Sunday, August 11, 2013

My Tribe

I remember being about 8 months pregnant with my first and clutching my husbands arm as we crossed a street one weekend during a community fair. There were cars and throngs of people. I felt vulnerable and slow and obvious. I remember thinking to myself, "if a Tiger attacked me right now, I'd be toast, I have zero get up and go, I'd be two treats in one and it'd be over before I knew it."

The feeling got me thinking about how the human race survived with all these slow pregnant women waddling around attracting saber tooth tigers and tyrannosaurs rexes from down below in the valley. Now, I imagine that part of it is that our naturally living ancestors did not suffer from some of the maladies that we do caused by your sedentary life styles, poor posture, and lack of good role models around child bearing and birth. But even if the average early pregnant lady could probably kick my non-pregnant and highly fit butt in a foot race, I imagine that she was slower than her non-pregnant compatriots and if I have learned anything from all the Discovery Channel and Planet Earth I have watched it is that hunters like to pick of the slowest wildebeest in the tribe.

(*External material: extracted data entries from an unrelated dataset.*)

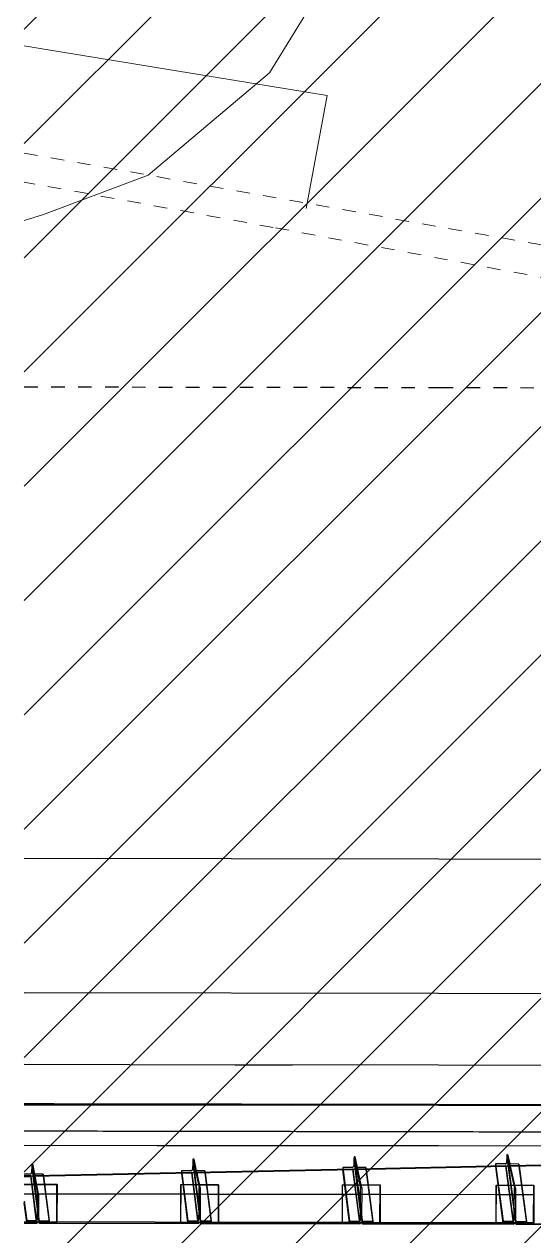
# Model space of a CAD drawing. Header units: metres. Extents: x -1147 to -802, y 5 to 567.
# Drawn here: x -1052.66 to -1048.88, y 509.45 to 518.45 of the extents above; entities that cross this region are included whole.
import ezdxf

# ---------------------------------------------------------------- set-up
doc = ezdxf.new("R2010")
doc.units = ezdxf.units.M
for name, pattern in [('IMPORT-BDYS-Boundary _3_', [0.01, 0.009, -0.001]), ('IMPORT-FURN-Fence _3_', [0.005, 0.004167, -0.0008333]), ('IMPORT-LNMK-LineCont _3__2_', [0.004, 0.001, -0.003])]:
    doc.linetypes.add(name, pattern=pattern)
doc.layers.add('A-DETL-GENF', color=7, linetype='Continuous', lineweight=9)
doc.layers.add('A-GENM', color=7, linetype='Continuous', lineweight=35)

# ---------------------------------------------------------------- blocks, each defined once
blk = doc.blocks.new('T2DPAA-T2D-PWA-SU-M2D-000002_dwg-40815123-DRG-2873010 - GENERAL ARRANGEMENT PLAN')
at = {"color": 254, "lineweight": 18, "true_color": 0xe1e1e1}
for p, q in [((-198.5567, 1092.818), (-198.5665, 1092.9361)), ((-198.3464, 1090.668), (-198.5567, 1092.818)), ((-199.7418, 1092.477), (-199.8205, 1092.6029)), ((-199.2588, 1091.8009), (-199.7418, 1092.477)), ((-198.2929, 1091.1248), (-199.2588, 1091.8009)), ((-197.327, 1090.835), (-198.2929, 1091.1248)), ((-199.1974, 1090.6029), (-198.3464, 1090.668))]:
    blk.add_line(p, q, dxfattribs=at)
at = {"color": 254, "linetype": 'IMPORT-FURN-Fence _3_', "lineweight": 18, "true_color": 0xe1e1e1}
for p, q in [((-199.3956, 1090.8034), (-199.5453, 1092.676)), ((-198.7194, 1081.9122), (-199.3956, 1090.8034))]:
    blk.add_line(p, q, dxfattribs=at)
blk = doc.blocks.new('T2DPAA-T2D-PWA-SU-M2D-000001_dwg-40815111-DRG-2873010 - GENERAL ARRANGEMENT PLAN')
at = {"color": 254, "linetype": 'IMPORT-BDYS-Boundary _3_', "lineweight": 18, "true_color": 0xe1e1e1}
blk.add_line((-121.1381, 1189.3103), (-120.0929, 1176.9205), dxfattribs=at)
blk = doc.blocks.new('T2DPAA-T2D-PWA-SU-M2D-000100_Survey_rvt-1-DRG-2873010 - GENERAL ARRANGEMENT PLAN')
at = {"color": 254, "lineweight": 18, "true_color": 0xe1e1e1, "rotation": 75.11694444444437}
for name, p in [('T2DPAA-T2D-PWA-SU-M2D-000002_dwg-40815123-DRG-2873010 - GENERAL ARRANGEMENT PLAN', (-45.8213, 429.4778)), ('T2DPAA-T2D-PWA-SU-M2D-000001_dwg-40815111-DRG-2873010 - GENERAL ARRANGEMENT PLAN', (27.4325, 329.0961))]:
    blk.add_blockref(name, p, dxfattribs=at)
blk = doc.blocks.new('T2DPAA-T2D-C3S-RW-M2D-100010_dwg-40802999-DRG-2873010 - GENERAL ARRANGEMENT PLAN')
at = {"color": 9, "linetype": 'IMPORT-LNMK-LineCont _3__2_', "lineweight": 25, "true_color": 0xc3c3c3}
for p, q in [((18.3926, -584.1159), (19.1796, -587.0982)), ((19.1796, -587.0982), (20.4552, -591.9328))]:
    blk.add_line(p, q, dxfattribs=at)
at = {"color": 9, "lineweight": 25, "true_color": 0xc3c3c3}
for p, q in [((15.0101, -585.0148), (15.7954, -587.9912)), ((14.8285, -588.2463), (14.0436, -585.2717)), ((13.5304, -585.4081), (13.9292, -586.9198)), ((13.2404, -585.4851), (13.4925, -586.4404)), ((12.9505, -585.5622), (13.2024, -586.5169)), ((12.6161, -585.7173), (12.5997, -585.6554)), ((12.6204, -585.7337), (12.6162, -585.7179)), ((12.6212, -585.7367), (12.6204, -585.7337)), ((12.6265, -585.7569), (12.6216, -585.7383)), ((12.6399, -585.8078), (12.6265, -585.7569)), ((12.6613, -585.889), (12.6403, -585.8092)), ((12.896, -586.7783), (12.6616, -585.89)), ((13.4925, -586.4404), (13.7476, -587.4073)), ((13.2024, -586.5169), (13.4575, -587.4839)), ((12.9029, -586.8045), (12.896, -586.7783)), ((12.9222, -586.8775), (12.9029, -586.8045)), ((12.9267, -586.8946), (12.9223, -586.878)), ((12.9273, -586.8969), (12.9267, -586.8946)), ((12.9314, -586.9124), (12.928, -586.8995)), ((12.9328, -586.9176), (12.9314, -586.9124)), ((12.9468, -586.9708), (12.9328, -586.9176)), ((12.9674, -587.049), (12.9472, -586.9724)), ((13.9292, -586.9198), (14.0377, -587.3308)), ((13.0161, -587.2334), (12.9677, -587.0501)), ((13.0782, -587.4689), (13.0161, -587.2334)), ((14.0396, -587.3303), (14.317, -588.3813)), ((13.7496, -587.4068), (14.0269, -588.4578)), ((13.2021, -587.9384), (13.0786, -587.4702)), ((13.4595, -587.4833), (13.7368, -588.5344)), ((13.209, -587.9646), (13.2021, -587.9384)), ((13.2283, -588.0375), (13.209, -587.9646)), ((13.2328, -588.0547), (13.2284, -588.038)), ((13.2388, -588.0776), (13.2339, -588.0588)), ((15.7954, -587.9912), (17.071, -592.8257)), ((13.2529, -588.1309), (13.2388, -588.0776)), ((13.2735, -588.2091), (13.2533, -588.1325)), ((13.4933, -589.0421), (13.2738, -588.2101)), ((16.1041, -593.0809), (14.8285, -588.2463)), ((14.317, -588.3813), (14.569, -589.3366)), ((14.0269, -588.4578), (15.0252, -592.2413)), ((13.7368, -588.5344), (14.7351, -592.3179)), ((13.4999, -589.0669), (13.4933, -589.0421)), ((13.5191, -589.1398), (13.4999, -589.0669)), ((13.5237, -589.1571), (13.5193, -589.1403)), ((13.5301, -589.1813), (13.5246, -589.1607)), ((13.5437, -589.2332), (13.5301, -589.1813)), ((13.5648, -589.3128), (13.5442, -589.2349))]:
    blk.add_line(p, q, dxfattribs=at)
blk = doc.blocks.new('T2DPAA-T2D-PWC-RW-M2D-100010_RoadDesign_rvt-1-DRG-2873010 - GENERAL ARRANGEMENT PLAN')
at = {"color": 254, "lineweight": 18, "true_color": 0xe3e3e3, "rotation": 75.11694444444437}
blk.add_blockref('T2DPAA-T2D-C3S-RW-M2D-100010_dwg-40802999-DRG-2873010 - GENERAL ARRANGEMENT PLAN', (-1722.337, 648.0105), dxfattribs=at)
blk = doc.blocks.new('CappingBeam_RS39B_CB01A - CappingBeam_RS39B_CB01A-57939457-DRG-2873010 - GENERAL ARRANGEMENT PLAN')
at = {"layer": 'A-GENM', "color": 9, "lineweight": 25, "true_color": 0xbebebe}
for points in [[(96.2946, 45.2874), (96.2961, 45.2817), (96.2976, 45.276), (96.2991, 45.2702)], [(96.2991, 45.2702), (96.3053, 45.2469), (96.3115, 45.2235), (96.3176, 45.2002)], [(96.3178, 45.1997), (96.3194, 45.1934), (96.3211, 45.1871), (96.3227, 45.1808)], [(96.3227, 45.1808), (96.329, 45.1571), (96.3352, 45.1335), (96.3415, 45.1098)], [(96.3415, 45.1098), (96.3464, 45.0913), (96.3513, 45.0727), (96.3561, 45.0542)], [(96.5908, 44.1649), (96.5954, 44.1476), (96.5999, 44.1303), (96.6045, 44.1131)], [(96.6045, 44.1131), (96.6109, 44.0887), (96.6173, 44.0644), (96.6237, 44.0401)], [(96.6239, 44.0396), (96.6255, 44.0333), (96.6272, 44.027), (96.6288, 44.0207)], [(96.6288, 44.0207), (96.6353, 43.9961), (96.6418, 43.9714), (96.6483, 43.9468)], [(96.6483, 43.9468), (96.653, 43.9293), (96.6576, 43.9117), (96.6622, 43.8942)], [(96.6625, 43.8931), (96.7406, 43.597), (96.8188, 43.3009), (96.8969, 43.0048)], [(96.8969, 43.0048), (96.9015, 42.9875), (96.906, 42.9703), (96.9106, 42.953)], [(96.9106, 42.953), (96.917, 42.9287), (96.9234, 42.9044), (96.9298, 42.8801)], [(96.9299, 42.8796), (96.9316, 42.8733), (96.9333, 42.867), (96.9349, 42.8607)], [(96.9349, 42.8607), (96.9414, 42.8361), (96.9479, 42.8114), (96.9544, 42.7867)], [(96.9544, 42.7867), (96.9591, 42.7692), (96.9637, 42.7516), (96.9683, 42.7341)], [(97.1881, 41.9011), (97.1927, 41.8838), (97.1972, 41.8666), (97.2018, 41.8493)], [(97.2018, 41.8493), (97.2082, 41.825), (97.2146, 41.8007), (97.221, 41.7764)], [(97.2212, 41.7759), (97.2228, 41.7696), (97.2245, 41.7633), (97.2261, 41.7571)], [(97.2261, 41.7571), (97.2326, 41.7324), (97.2391, 41.7077), (97.2457, 41.6831)], [(97.2458, 41.6826), (97.2504, 41.6652), (97.255, 41.6478), (97.2595, 41.6304)]]:
    blk.add_open_spline(points, degree=3, dxfattribs=at)
at = {"layer": 'A-GENM', "color": 253, "lineweight": 25, "true_color": 0xa3a3a3}
for points in [[(96.2946, 45.2874), (96.2961, 45.2817), (96.2976, 45.276), (96.2991, 45.2702)], [(96.2991, 45.2702), (96.3053, 45.2469), (96.3115, 45.2235), (96.3176, 45.2002)], [(96.3178, 45.1997), (96.3194, 45.1934), (96.3211, 45.1871), (96.3227, 45.1808)], [(96.3227, 45.1808), (96.329, 45.1571), (96.3352, 45.1335), (96.3415, 45.1098)], [(96.3415, 45.1098), (96.3464, 45.0913), (96.3513, 45.0727), (96.3561, 45.0542)], [(96.3564, 45.0532), (96.4227, 44.802), (96.489, 44.5508), (96.5552, 44.2997)], [(96.5552, 44.2997), (96.5671, 44.2547), (96.579, 44.2098), (96.5908, 44.1649)], [(96.5908, 44.1649), (96.5954, 44.1476), (96.5999, 44.1303), (96.6045, 44.1131)], [(96.6045, 44.1131), (96.6109, 44.0887), (96.6173, 44.0644), (96.6237, 44.0401)], [(96.6239, 44.0396), (96.6255, 44.0333), (96.6272, 44.027), (96.6288, 44.0207)], [(96.6288, 44.0207), (96.6353, 43.9961), (96.6418, 43.9714), (96.6483, 43.9468)], [(96.6483, 43.9468), (96.653, 43.9293), (96.6576, 43.9117), (96.6622, 43.8942)], [(96.6625, 43.8931), (96.7406, 43.597), (96.8188, 43.3009), (96.8969, 43.0048)], [(96.8969, 43.0048), (96.9015, 42.9875), (96.906, 42.9703), (96.9106, 42.953)], [(96.9106, 42.953), (96.917, 42.9287), (96.9234, 42.9044), (96.9298, 42.8801)], [(96.9299, 42.8796), (96.9316, 42.8733), (96.9333, 42.867), (96.9349, 42.8607)], [(96.9349, 42.8607), (96.9414, 42.8361), (96.9479, 42.8114), (96.9544, 42.7867)], [(96.9544, 42.7867), (96.9591, 42.7692), (96.9637, 42.7516), (96.9683, 42.7341)], [(96.9686, 42.7331), (96.9709, 42.7243), (96.9732, 42.7156), (96.9755, 42.7068)], [(96.9755, 42.7068), (97.0464, 42.4382), (97.1173, 42.1697), (97.1881, 41.9011)], [(97.1881, 41.9011), (97.1927, 41.8838), (97.1972, 41.8666), (97.2018, 41.8493)], [(97.2018, 41.8493), (97.2082, 41.825), (97.2146, 41.8007), (97.221, 41.7764)], [(97.2212, 41.7759), (97.2228, 41.7696), (97.2245, 41.7633), (97.2261, 41.7571)], [(97.2261, 41.7571), (97.2326, 41.7324), (97.2391, 41.7077), (97.2457, 41.6831)], [(97.2458, 41.6826), (97.2504, 41.6652), (97.255, 41.6478), (97.2595, 41.6304)]]:
    blk.add_open_spline(points, degree=3, dxfattribs=at)
at = {"layer": 'A-GENM', "color": 9, "lineweight": 25, "true_color": 0xbebebe}
for points, knots in [([(96.3564, 45.0532), (96.4227, 44.802), (96.5008, 44.5059), (96.579, 44.2098), (96.5908, 44.1649)], [0.4605785, 0.4605785, 0.4605785, 0.4605785, 0.5, 0.50705334, 0.50705334, 0.50705334, 0.50705334]), ([(96.9686, 42.7331), (96.9709, 42.7243), (97.0441, 42.447), (97.1173, 42.1697), (97.1881, 41.9011)], [0.58196029, 0.58196029, 0.58196029, 0.58196029, 0.58333333, 0.62548727, 0.62548727, 0.62548727, 0.62548727])]:
    blk.add_open_spline(points, degree=3, knots=knots, dxfattribs=at)
blk = doc.blocks.new('SCR_NW_6 - SCR_NW_6-66978938-DRG-2873010 - GENERAL ARRANGEMENT PLAN')
at = {"layer": 'A-GENM', "color": 253, "lineweight": 25, "true_color": 0xa3a3a3}
for p, q in [((0.0617, 0.4517), (0, -0.0039)), ((0.0008, 0.006), (0.0617, 0.4557)), ((0.0617, 0.4557), (0.0617, 0.4518)), ((0.0617, 0.4557), (1.1833, 0.4322)), ((1.1833, 0.4282), (0.0617, 0.4518)), ((1.1833, 0.4281), (1.1248, -0.004)), ((1.1256, 0.006), (1.1828, 0.4281)), ((1.1828, 0.4282), (1.1833, 0.4319)), ((1.1833, 0.4322), (1.1833, 0.4282)), ((0, 0), (0.0008, 0.006)), ((0, 0), (0, -0.0039)), ((1.1248, 0), (0.0006, 0)), ((1.1247, 0), (1.1256, 0.006)), ((1.1248, -0.004), (1.1248, 0)), ((0, -0.0039), (1.1248, -0.004))]:
    blk.add_line(p, q, dxfattribs=at)
blk = doc.blocks.new('SCR_NW_7 - SCR_NW_7-66978939-DRG-2873010 - GENERAL ARRANGEMENT PLAN')
at = {"layer": 'A-GENM', "color": 253, "lineweight": 25, "true_color": 0xa3a3a3}
for p, q in [((0.0008, 0.006), (0.0585, 0.4317)), ((0.0585, 0.4277), (0.0008, 0.0019)), ((0.0585, 0.4317), (0.0585, 0.4277)), ((0.0585, 0.4317), (1.1736, 0.4052)), ((1.1736, 0.4012), (0.0585, 0.4277)), ((1.1215, -0.0039), (1.1736, 0.4012)), ((1.1731, 0.4012), (1.1223, 0.006)), ((1.1736, 0.4049), (1.1731, 0.4012)), ((1.1736, 0.4012), (1.1736, 0.4052)), ((0, 0), (0.0008, 0.006)), ((0.0008, 0.0019), (0, -0.0039)), ((0, 0), (0, -0.0039)), ((1.1215, 0), (0.0006, 0)), ((1.1223, 0.006), (1.1215, 0)), ((1.1215, 0), (1.1215, -0.0039)), ((0, -0.0039), (1.1215, -0.0039))]:
    blk.add_line(p, q, dxfattribs=at)
blk = doc.blocks.new('SCR_NW_8 - SCR_NW_8-66978940-DRG-2873010 - GENERAL ARRANGEMENT PLAN')
at = {"layer": 'A-GENM', "color": 253, "lineweight": 25, "true_color": 0xa3a3a3}
for p, q in [((0.052, 0.4008), (0.0001, -0.0039)), ((0.0008, 0.006), (0.052, 0.4047)), ((0.052, 0.4047), (0.052, 0.4008)), ((0.052, 0.4047), (1.2283, 0.3781)), ((1.2284, 0.3742), (0.052, 0.4008)), ((1.2278, 0.3742), (1.1797, 0)), ((1.1797, -0.004), (1.2284, 0.3742)), ((1.2283, 0.3779), (1.2278, 0.3742)), ((1.2284, 0.3742), (1.2283, 0.3781)), ((0, 0), (0.0008, 0.006)), ((0, 0), (0.0001, -0.0039)), ((1.1797, 0), (0.0006, 0)), ((0.0001, -0.0039), (1.1797, -0.004)), ((1.1797, 0), (1.1797, -0.004))]:
    blk.add_line(p, q, dxfattribs=at)
blk = doc.blocks.new('SCR_NW_9 - SCR_NW_9-66978941-DRG-2873010 - GENERAL ARRANGEMENT PLAN')
at = {"layer": 'A-GENM', "color": 253, "lineweight": 25, "true_color": 0xa3a3a3}
for p, q in [((0, 0), (0.0486, 0.3777)), ((0.0486, 0.3738), (0, -0.004)), ((0.0486, 0.3777), (0.0486, 0.3738)), ((0.0486, 0.3777), (1.225, 0.3512)), ((1.2251, 0.3472), (0.0486, 0.3738)), ((1.1798, -0.0039), (1.2251, 0.3472)), ((1.2245, 0.3473), (1.1805, 0.006)), ((1.225, 0.351), (1.2245, 0.3473)), ((1.2251, 0.3472), (1.225, 0.3512)), ((1.1798, 0), (0.0005, 0)), ((1.1805, 0.006), (1.1798, 0)), ((1.1798, 0), (1.1798, -0.0039)), ((0, 0), (0, -0.004)), ((0, -0.004), (1.1798, -0.0039))]:
    blk.add_line(p, q, dxfattribs=at)
blk = doc.blocks.new('SCR_NW_10 - SCR_NW_10-66978942-DRG-2873010 - GENERAL ARRANGEMENT PLAN')
at = {"layer": 'A-GENM', "color": 253, "lineweight": 25, "true_color": 0xa3a3a3}
for p, q in [((0.0452, 0.3468), (0, -0.0039)), ((0.0008, 0.006), (0.0452, 0.3507)), ((0.0452, 0.3507), (0.0926, 0.3496)), ((0.0452, 0.3468), (0.0452, 0.3507)), ((0.0926, 0.3457), (0.0452, 0.3468)), ((0, 0), (0.0008, 0.006)), ((0, 0), (0, -0.0039)), ((0.092, 0), (0.0006, 0)), ((0, -0.0039), (0.0919, -0.0039))]:
    blk.add_line(p, q, dxfattribs=at)
blk = doc.blocks.new('PLATE ph - PLATE ph-V8-DRG-2873010 - GENERAL ARRANGEMENT PLAN')
at = {"layer": 'A-GENM', "color": 253, "lineweight": 25, "true_color": 0xa3a3a3}
for p, q in [((-1149.5902, 509.828), (-1149.5907, 509.5481)), ((-1149.5902, 509.828), (-1149.5891, 509.8293)), ((-1149.5741, 509.8279), (-1149.5902, 509.828)), ((-1149.5896, 509.5494), (-1149.5891, 509.828)), ((-1149.5891, 509.8293), (-1149.5743, 509.8293)), ((-1149.5743, 509.8293), (-1149.4989, 509.8291)), ((-1149.4987, 509.8278), (-1149.5741, 509.8279)), ((-1149.4983, 509.8291), (-1149.481, 509.829)), ((-1149.4808, 509.8277), (-1149.4982, 509.8278)), ((-1149.4789, 509.829), (-1149.4765, 509.829)), ((-1149.4764, 509.8277), (-1149.4787, 509.8277)), ((-1149.4759, 509.829), (-1149.451, 509.829)), ((-1149.4508, 509.8277), (-1149.4757, 509.8277)), ((-1149.451, 509.829), (-1149.4024, 509.8289)), ((-1149.4022, 509.8275), (-1149.4508, 509.8277)), ((-1149.4006, 509.8289), (-1149.3091, 509.8287)), ((-1149.3103, 509.8273), (-1149.4004, 509.8275)), ((-1149.3108, 509.5474), (-1149.3103, 509.8273)), ((-1149.3091, 509.8287), (-1149.3103, 509.8273)), ((-1149.3091, 509.8287), (-1149.3096, 509.5487)), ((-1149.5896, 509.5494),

So why are we all still here? There are probably lots of good answers to this founded in a solid understanding of human evolutionary science, archeology, and history. This is not one of those answers. I imagine that our fore-mothers did what I have found myself doing. She relied on her tribe. Or on her village as we moved out of the caves and settled down. I would bet early husbands held the hands of pregnant mothers as they crossed the stream and were a little extra vigilant as they climbed aboard the wooly mammoth mini van to drive down to the local Target. When she went to fetch water I image her non-pregnant friends kept their eye on her and carried an extra spear in case the man who met them at the well was more of the rape and pillage type than Eliezer was when he arrived to lure a maiden away with riches as a wife for Isaac.

I felt the power of my own tribe on our recent trip hiking in Sequoia. We saw four bears! Thanks largely to the unnaturally keen vision our official bear spotter, Maura. My husband went on to see five more over the course of the trip.  Normally I am pretty excited about wildlife. On a trip to florida before we were married I stopped paddling our canoe right by a huge alligator so I could get some close up photos. Alarmed, my then boyfriend, now husband, paddled furiously and chastised me for trying to get us eaten (I still don't think they would have gotten into the boat, but I suppose he has been keeping my ass alive, pregnant or not for a while now). But in my hobbled pregnant state these bears made me a bit squirrly. I am the slow wildebeest. But I didn't have to do anything, some of my friends got behind me and others in front and made sure I was never the end of the line. We were not in any likely danger, but my feeling safe mattered, and they didn't think twice about becoming the end of the line themselves. This also kept me safer from the more real risk that I would just be so much slower than everyone else that I would be left behind or twist my ankle thanks to my extra lax joints and no one would notice until they got to the car a few hours later, short 1.5 people.


My tribe has stepped up again this last week when I was told by my PT, that thanks to my abdominal wall tearing apart like a cheap old zipper on an overstuffed duffle bag, I was to rest for a week and not pick up anything over 15 pounds for the rest of my pregnancy. (Did I mention I have a 2 year old? He weighs, 25 pounds...). My sister showed up to play on my day off. My mom took him multiple afternoons. And to my amazement, my two year old, who usually refuses to walk five feet on his own listened thoughtfully as I explained that Mommy had an ouchie and it was hard for her to pick him up and that he needed to walk, did so, without complaint and repeatedly. Even my toddler is part of my tribe.

These days pregnant women and new mommas are not as likely to get eaten by a wild animal or attacked by a neighboring village. But we still need our tribe. We are vulnerable to feeling isolated and alone and stranded. We have a sort of weird hands off rule with new families, etiquette some how telling us to keep our distance rather than come on in and make sure everyone is hanging in there. Isolation seems to be a huge factor in postpartum depression, which impacts at least 10% of new families. Our tribe may do less fending off of wildlife with spears than it once did but its role as support and nurturing for pregnant women and new families are as critical as ever, if not even more important since many women live far away from their family that might have been their natural tribe even a few generations before. As I look around me, I know that I am one slow wildebeest thankful for my tribe.